Looks like we are seeing small but mighty model breakthroughs, outpacing the pure capital firepower of SOTA providers. I love rooting for the little guy, but is it too soon to call it? To play devils advocate, could it just be the benchmarks are not efficient enough to capture success of real developer workflows?
I think people are going to continue to be surprised by the capability of small models.
Now, if you ask this model to have a conversation with you, it's gonna fail and be incoherent. But boy, does it sure reason through math problems well.
I've just started using qwen3.6:35b a couple days ago running on my framework desktop and rather impressed. It runs really well and reminds me of probably the first Claude model I used.

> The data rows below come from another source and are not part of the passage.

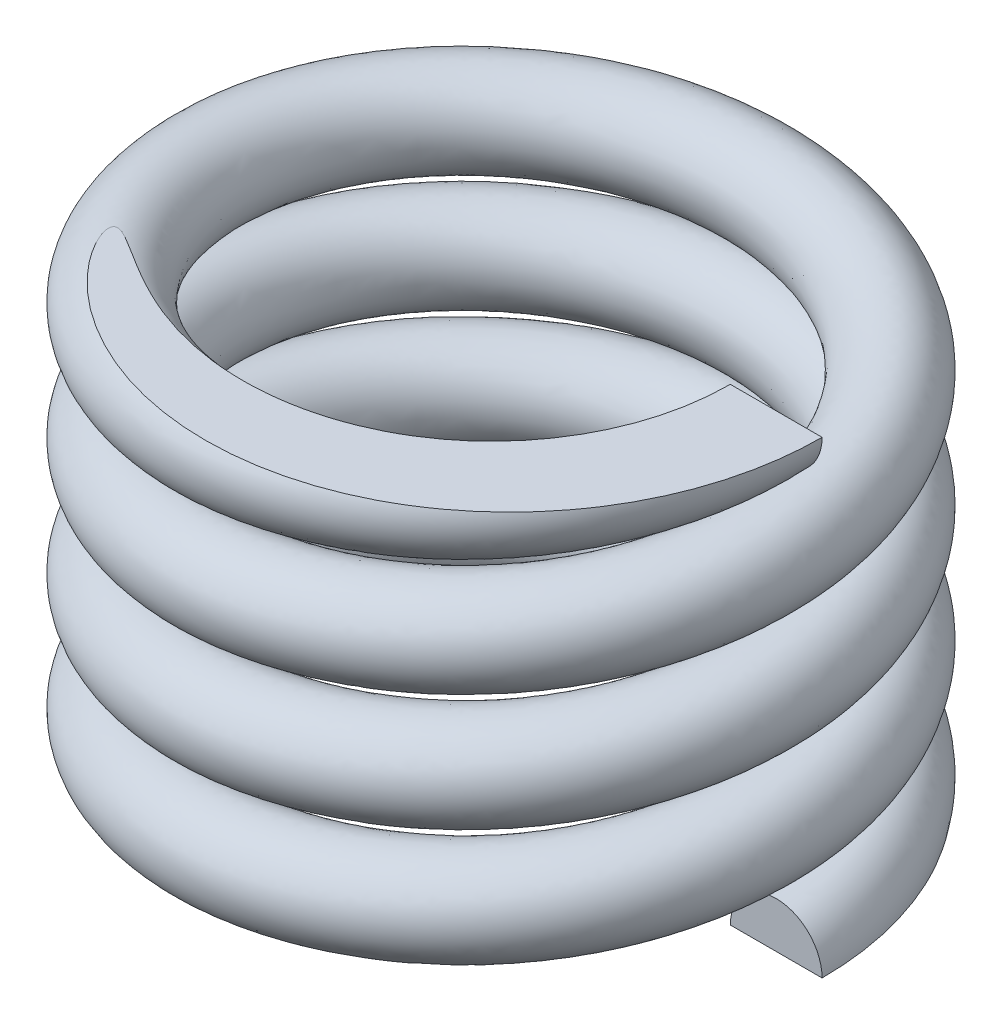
ISO-10303-21;
HEADER;
FILE_DESCRIPTION(('STEP AP214'),'2;1');
FILE_NAME('part.step','',(''),(''),'','','');
FILE_SCHEMA(('AUTOMOTIVE_DESIGN { 1 0 10303 214 1 1 1 1 }'));
ENDSEC;
DATA;
#1=APPLICATION_CONTEXT('core data for automotive mechanical design processes');
#2=APPLICATION_PROTOCOL_DEFINITION('international standard','automotive_design',2000,#1);
#3=PRODUCT_CONTEXT('',#1,'mechanical');
#4=PRODUCT('Part','Part','',(#3));
#5=PRODUCT_RELATED_PRODUCT_CATEGORY('part','',(#4));
#6=PRODUCT_DEFINITION_FORMATION('','',#4);
#7=PRODUCT_DEFINITION_CONTEXT('part definition',#1,'design');
#8=PRODUCT_DEFINITION('design','',#6,#7);
#9=PRODUCT_DEFINITION_SHAPE('','',#8);
#10=(LENGTH_UNIT() NAMED_UNIT(*) SI_UNIT(.MILLI.,.METRE.));
#11=(NAMED_UNIT(*) PLANE_ANGLE_UNIT() SI_UNIT($,.RADIAN.));
#12=(NAMED_UNIT(*) SI_UNIT($,.STERADIAN.) SOLID_ANGLE_UNIT());
#13=UNCERTAINTY_MEASURE_WITH_UNIT(LENGTH_MEASURE(1.E-05),#10,'distance_accuracy_value','');
#14=(GEOMETRIC_REPRESENTATION_CONTEXT(3) GLOBAL_UNCERTAINTY_ASSIGNED_CONTEXT((#13)) GLOBAL_UNIT_ASSIGNED_CONTEXT((#10,
#11,#12)) REPRESENTATION_CONTEXT('',''));
#15=CARTESIAN_POINT('',(0.,0.,0.));
#16=DIRECTION('',(0.,0.,1.));
#17=DIRECTION('',(1.,0.,0.));
#18=AXIS2_PLACEMENT_3D('',#15,#16,#17);
#19=CARTESIAN_POINT('',(1.5,2.55182105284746,0.));
#20=DIRECTION('',(0.,0.,1.));
#21=DIRECTION('',(1.,0.,0.));
#22=AXIS2_PLACEMENT_3D('',#19,#20,#21);
#23=PLANE('',#22);
#24=DIRECTION('',(-1.,0.,0.));
#25=VECTOR('',#24,1.);
#26=CARTESIAN_POINT('',(1.5,2.55182105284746,0.));
#27=LINE('',#26,#25);
#28=CARTESIAN_POINT('',(1.75,2.55182105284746,0.));
#29=VERTEX_POINT('',#28);
#30=CARTESIAN_POINT('',(1.25,2.55182105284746,0.));
#31=VERTEX_POINT('',#30);
#32=EDGE_CURVE('E50',#29,#31,#27,.T.);
#33=ORIENTED_EDGE('',*,*,#32,.F.);
#34=CARTESIAN_POINT('',(1.5,2.55182105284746,0.));
#35=DIRECTION('',(0.,0.,1.));
#36=DIRECTION('',(1.,0.,0.));
#37=AXIS2_PLACEMENT_3D('',#34,#35,#36);
#38=CIRCLE('',#37,0.25);
#39=EDGE_CURVE('E67',#31,#29,#38,.T.);
#40=ORIENTED_EDGE('',*,*,#39,.F.);
#41=EDGE_LOOP('',(#33,#40));
#42=FACE_BOUND('',#41,.T.);
#43=ADVANCED_FACE('F32',(#42),#23,.F.);
#44=CARTESIAN_POINT('',(1.75,0.,0.));
#45=CARTESIAN_POINT('',(1.75,0.0531629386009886,-1.01036297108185));
#46=CARTESIAN_POINT('',(0.875000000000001,0.106325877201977,-1.51554445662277));
#47=CARTESIAN_POINT('',(0.,0.159488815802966,-2.02072594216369));
#48=CARTESIAN_POINT('',(-0.875,0.212651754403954,-1.51554445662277));
#49=CARTESIAN_POINT('',(-1.75,0.265814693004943,-1.01036297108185));
#50=CARTESIAN_POINT('',(-1.75,0.318977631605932,0.));
#51=CARTESIAN_POINT('',(-1.75,0.37214057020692,1.01036297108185));
#52=CARTESIAN_POINT('',(-0.875000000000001,0.425303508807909,1.51554445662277));
#53=CARTESIAN_POINT('',(0.,0.478466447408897,2.02072594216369));
#54=CARTESIAN_POINT('',(0.874999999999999,0.531629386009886,1.51554445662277));
#55=CARTESIAN_POINT('',(1.75,0.584792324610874,1.01036297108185));
#56=CARTESIAN_POINT('',(1.75,0.637955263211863,0.));
#57=CARTESIAN_POINT('',(1.75,0.691118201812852,-1.01036297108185));
#58=CARTESIAN_POINT('',(0.875000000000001,0.74428114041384,-1.51554445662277));
#59=CARTESIAN_POINT('',(0.,0.797444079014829,-2.02072594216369));
#60=CARTESIAN_POINT('',(-0.875,0.850607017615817,-1.51554445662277));
#61=CARTESIAN_POINT('',(-1.75,0.903769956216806,-1.01036297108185));
#62=CARTESIAN_POINT('',(-1.75,0.956932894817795,0.));
#63=CARTESIAN_POINT('',(-1.75,1.01009583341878,1.01036297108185));
#64=CARTESIAN_POINT('',(-0.875000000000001,1.06325877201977,1.51554445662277));
#65=CARTESIAN_POINT('',(0.,1.11642171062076,2.02072594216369));
#66=CARTESIAN_POINT('',(0.874999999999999,1.16958464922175,1.51554445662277));
#67=CARTESIAN_POINT('',(1.75,1.22274758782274,1.01036297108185));
#68=CARTESIAN_POINT('',(1.75,1.27591052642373,0.));
#69=CARTESIAN_POINT('',(1.75,1.32907346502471,-1.01036297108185));
#70=CARTESIAN_POINT('',(0.875000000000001,1.3822364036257,-1.51554445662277));
#71=CARTESIAN_POINT('',(0.,1.43539934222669,-2.02072594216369));
#72=CARTESIAN_POINT('',(-0.875,1.48856228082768,-1.51554445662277));
#73=CARTESIAN_POINT('',(-1.75,1.54172521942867,-1.01036297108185));
#74=CARTESIAN_POINT('',(-1.75,1.59488815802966,0.));
#75=CARTESIAN_POINT('',(-1.75,1.64805109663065,1.01036297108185));
#76=CARTESIAN_POINT('',(-0.875000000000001,1.70121403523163,1.51554445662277));
#77=CARTESIAN_POINT('',(0.,1.75437697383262,2.02072594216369));
#78=CARTESIAN_POINT('',(0.874999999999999,1.80753991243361,1.51554445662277));
#79=CARTESIAN_POINT('',(1.75,1.8607028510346,1.01036297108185));
#80=CARTESIAN_POINT('',(1.75,1.91386578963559,0.));
#81=CARTESIAN_POINT('',(1.75,1.96702872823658,-1.01036297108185));
#82=CARTESIAN_POINT('',(0.875000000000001,2.02019166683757,-1.51554445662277));
#83=CARTESIAN_POINT('',(0.,2.07335460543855,-2.02072594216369));
#84=CARTESIAN_POINT('',(-0.875,2.12651754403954,-1.51554445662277));
#85=CARTESIAN_POINT('',(-1.75,2.17968048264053,-1.01036297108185));
#86=CARTESIAN_POINT('',(-1.75,2.23284342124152,0.));
#87=CARTESIAN_POINT('',(-1.75,2.28600635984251,1.01036297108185));
#88=CARTESIAN_POINT('',(-0.875000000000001,2.3391692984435,1.51554445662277));
#89=CARTESIAN_POINT('',(0.,2.39233223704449,2.02072594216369));
#90=CARTESIAN_POINT('',(0.874999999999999,2.44549517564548,1.51554445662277));
#91=CARTESIAN_POINT('',(1.75,2.49865811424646,1.01036297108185));
#92=CARTESIAN_POINT('',(1.75,2.55182105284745,0.));
#93=CARTESIAN_POINT('',(1.75,0.5,0.));
#94=CARTESIAN_POINT('',(1.75,0.553162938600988,-1.01036297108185));
#95=CARTESIAN_POINT('',(0.875000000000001,0.606325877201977,-1.51554445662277));
#96=CARTESIAN_POINT('',(0.,0.659488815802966,-2.02072594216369));
#97=CARTESIAN_POINT('',(-0.875,0.712651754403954,-1.51554445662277));
#98=CARTESIAN_POINT('',(-1.75,0.765814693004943,-1.01036297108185));
#99=CARTESIAN_POINT('',(-1.75,0.818977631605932,0.));
#100=CARTESIAN_POINT('',(-1.75,0.87214057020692,1.01036297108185));
#101=CARTESIAN_POINT('',(-0.875000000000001,0.925303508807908,1.51554445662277));
#102=CARTESIAN_POINT('',(0.,0.978466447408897,2.02072594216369));
#103=CARTESIAN_POINT('',(0.874999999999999,1.03162938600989,1.51554445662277));
#104=CARTESIAN_POINT('',(1.75,1.08479232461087,1.01036297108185));
#105=CARTESIAN_POINT('',(1.75,1.13795526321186,0.));
#106=CARTESIAN_POINT('',(1.75,1.19111820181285,-1.01036297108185));
#107=CARTESIAN_POINT('',(0.875000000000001,1.24428114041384,-1.51554445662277));
#108=CARTESIAN_POINT('',(0.,1.29744407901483,-2.02072594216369));
#109=CARTESIAN_POINT('',(-0.875,1.35060701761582,-1.51554445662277));
#110=CARTESIAN_POINT('',(-1.75,1.40376995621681,-1.01036297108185));
#111=CARTESIAN_POINT('',(-1.75,1.45693289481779,0.));
#112=CARTESIAN_POINT('',(-1.75,1.51009583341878,1.01036297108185));
#113=CARTESIAN_POINT('',(-0.875000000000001,1.56325877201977,1.51554445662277));
#114=CARTESIAN_POINT('',(0.,1.61642171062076,2.02072594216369));
#115=CARTESIAN_POINT('',(0.874999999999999,1.66958464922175,1.51554445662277));
#116=CARTESIAN_POINT('',(1.75,1.72274758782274,1.01036297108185));
#117=CARTESIAN_POINT('',(1.75,1.77591052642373,0.));
#118=CARTESIAN_POINT('',(1.75,1.82907346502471,-1.01036297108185));
#119=CARTESIAN_POINT('',(0.875000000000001,1.8822364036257,-1.51554445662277));
#120=CARTESIAN_POINT('',(0.,1.93539934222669,-2.02072594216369));
#121=CARTESIAN_POINT('',(-0.875,1.98856228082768,-1.51554445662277));
#122=CARTESIAN_POINT('',(-1.75,2.04172521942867,-1.01036297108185));
#123=CARTESIAN_POINT('',(-1.75,2.09488815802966,0.));
#124=CARTESIAN_POINT('',(-1.75,2.14805109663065,1.01036297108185));
#125=CARTESIAN_POINT('',(-0.875000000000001,2.20121403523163,1.51554445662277));
#126=CARTESIAN_POINT('',(0.,2.25437697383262,2.02072594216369));
#127=CARTESIAN_POINT('',(0.874999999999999,2.30753991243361,1.51554445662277));
#128=CARTESIAN_POINT('',(1.75,2.3607028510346,1.01036297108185));
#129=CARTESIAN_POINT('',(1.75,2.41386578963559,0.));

It's the first local model that's actually working for me in a coding agent I've tried. Very exciting!
Try 27b, it's significantly smarter than 35b-a3b (although it is slower, it's not so bad with MTP).
It is, but it's way too slow on a Strix Halo due to its limited bandwidth.
(I'm still sad that they didn't make a 122B-A10B version of it, as it's the kind of model that fits best on a Strix Halo, and for 3.5 it was comparable in performance to the dense 27B version).
Yeah the speed is vastly different but it's getting ~10 tps. And the MoE model is like 50 or something. Might use it if it proves to be much smarter I dont really monitor my agents while they're running.
At least according to gertlabs, Qwen3.6 27B outperforms every SoTA (closed) model at Kotlin: https://archive.vn/RYBCL / https://gertlabs.com/rankings?mode=agentic_coding&language=k...
Interesting. I wonder if there is opportunity to train a set of small model variants to excel at a certain stacks. Eg Qwen3.6-27B for Node + React or Qwen3.6-27B for Rust + TUI
This is always how I've imagined small/consumer-hardware models going in time. If I only ever code in Python, give me a model that does just that (plus some general CS, algorithms, structure, etc.) and does it super-fast and well. Make it small enough that if I need a Python back end and an HTML front end, another specific model can load alongside and collaborate on the front end.
Or give me a pure shopping model that has a general understanding of products and product categories, and then will playwright/scrape/API into shopping sites to compare options and find me what I want. Etc.
Qwen 3.6 27B is an anomalously strong all-around model for its size, but when we run our evaluations, we generate 10 coding submissions/language/model (110 total). So full discosure, the per-language per-model performances can be noisy (I do not think Qwen3.6 27B is better than Fable 5 in agentic workflows when writing Kotlin, given enough samples, although we do find some interesting anomalies that hold up under large sample sizes).
Hmm, I just assumed bigger was better. How's it different?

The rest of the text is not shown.